Of course, it’s too much to ask people to walk away from a good-paying, stable job in the teeth of devastating recession. But as a long-term goal, we might be thinking about how to arrange our lives and our communities so that we can stop giving our time, energy, talents, and best efforts to the same aristocrats who want to enslave us. If we get out of debt and off credit cards, build up local businesses and create resilient economies, and learn to live a little smaller, we may in time, also be freer to make career choices that are better aligned with our values, and put our labor beyond the reach of the system that oppresses us.

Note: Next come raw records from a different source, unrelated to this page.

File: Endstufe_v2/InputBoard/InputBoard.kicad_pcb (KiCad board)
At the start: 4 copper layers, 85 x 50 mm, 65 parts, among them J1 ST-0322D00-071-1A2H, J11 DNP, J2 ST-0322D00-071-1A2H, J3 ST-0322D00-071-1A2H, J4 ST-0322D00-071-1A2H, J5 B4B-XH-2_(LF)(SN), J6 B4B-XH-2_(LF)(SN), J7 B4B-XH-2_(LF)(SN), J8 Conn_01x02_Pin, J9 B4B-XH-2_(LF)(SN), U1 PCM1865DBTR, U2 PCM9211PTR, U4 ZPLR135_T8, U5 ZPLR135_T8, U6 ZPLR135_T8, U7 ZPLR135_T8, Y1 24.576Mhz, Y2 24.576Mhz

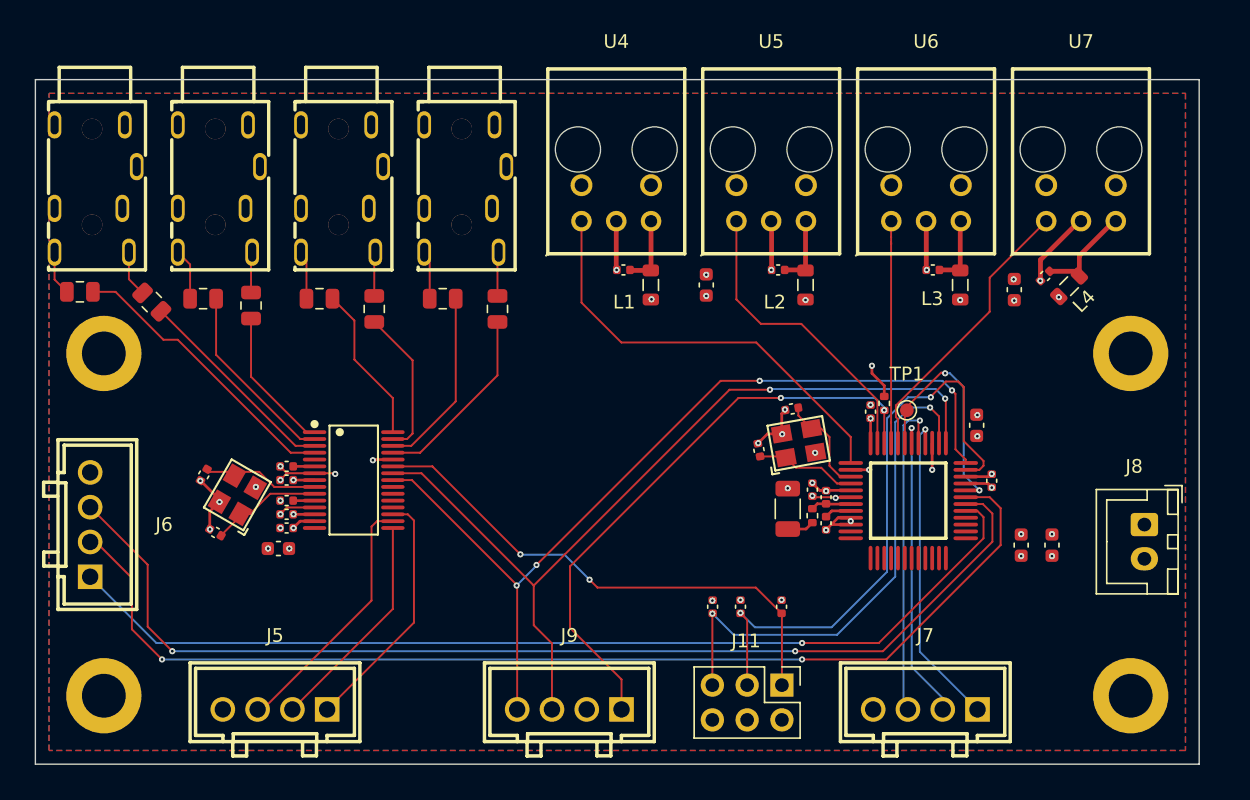
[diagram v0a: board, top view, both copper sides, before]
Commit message: Make boards compliant with JLCPCB
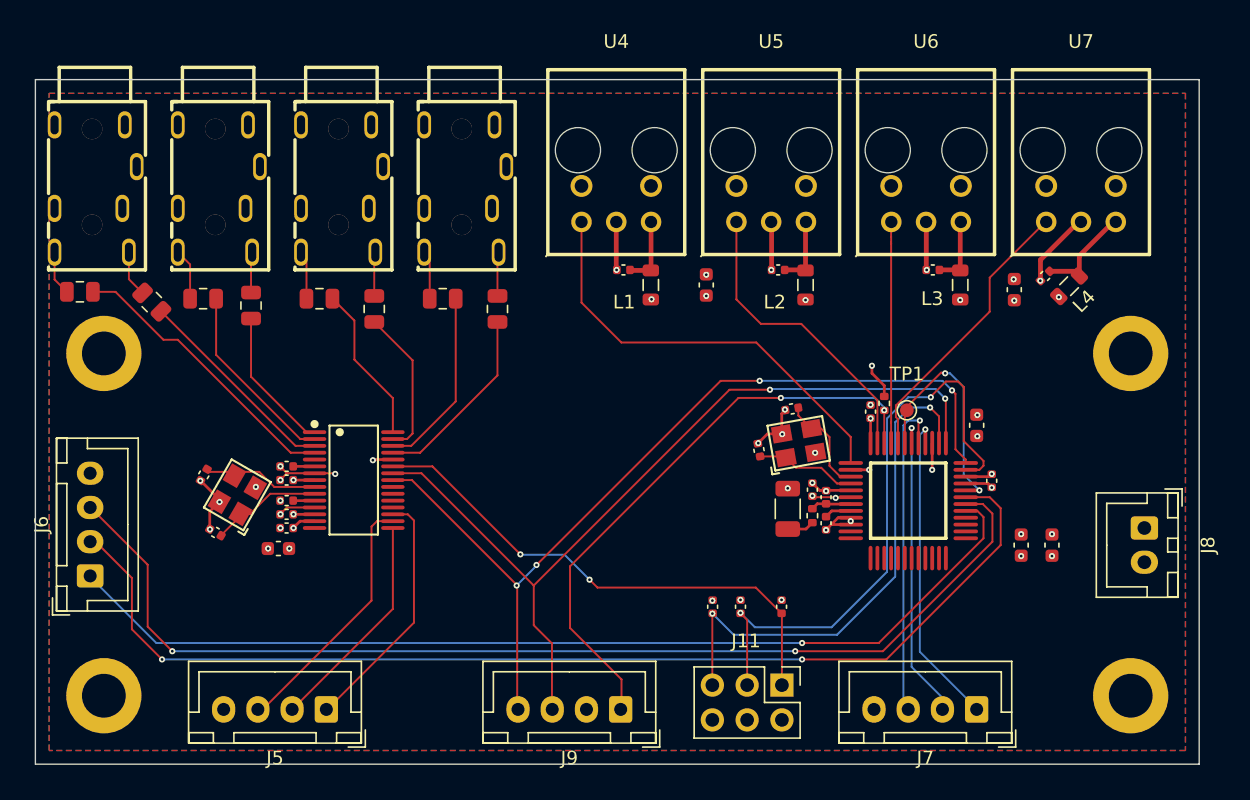
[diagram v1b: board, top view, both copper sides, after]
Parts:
- J5, J6, J7, J9: footprint Endstufe:CONN-TH_B4B-XH-2-LF-SN -> Endstufe:JST_XH_B4B-XH-A_1x04_P2.50mm_Vertical
- J8: footprint Connector_JST:JST_XH_B2B-XH-A_1x02_P2.50mm_Vertical -> Endstufe:JST_XH_B2B-XH-A_1x02_P2.50mm_Vertical
- moved J8 1.50 mm to (151.0, 104.0), turned to 90 degrees

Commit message: Change unavailable parts to available ones, optimise silkscreen, do via stiching
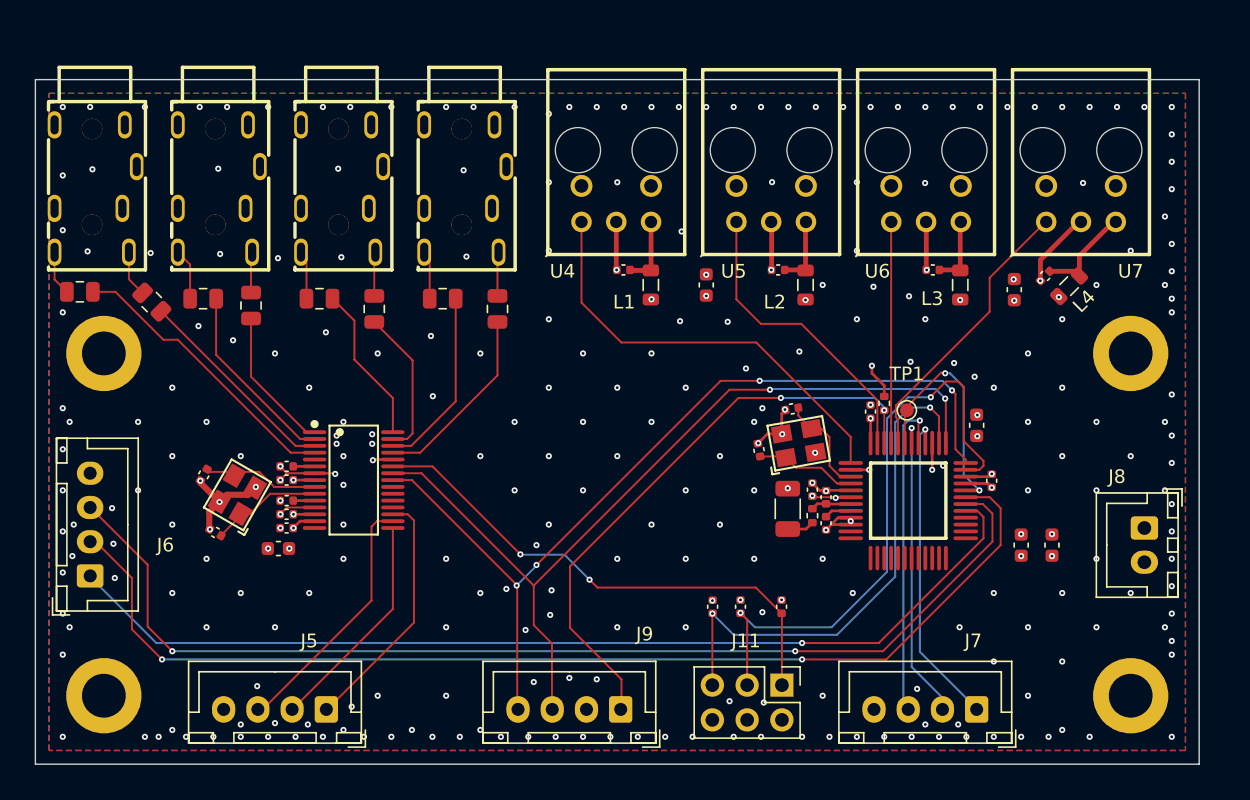
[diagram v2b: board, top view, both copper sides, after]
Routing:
- net GND: track 46.2 -> 49.4 mm, vias 37 -> 291

As I said: none of this will be easy. But we’ve tried to create change while staying within our circle of comfort; and it hasn’t worked. It’s time to move outside that circle, and get on with the work of creating the future we want our children to have — even if that means changing our most familiar and intimate habits and routines.

Still, you’re probably already doing at least a few of these things, for all kinds of good reasons — as economizing measures in hard times, as an effort to reduce your carbon footprint, or out of solidarity with your local community. But there’s added motivation — and even some sweet revenge — if we bear in mind that the things that we’re already doing to protect ourselves in the present and prepare for the next future are also some of the best things we can do to take our money, our lives, and our broken democracy back from the MOTU bastards as well.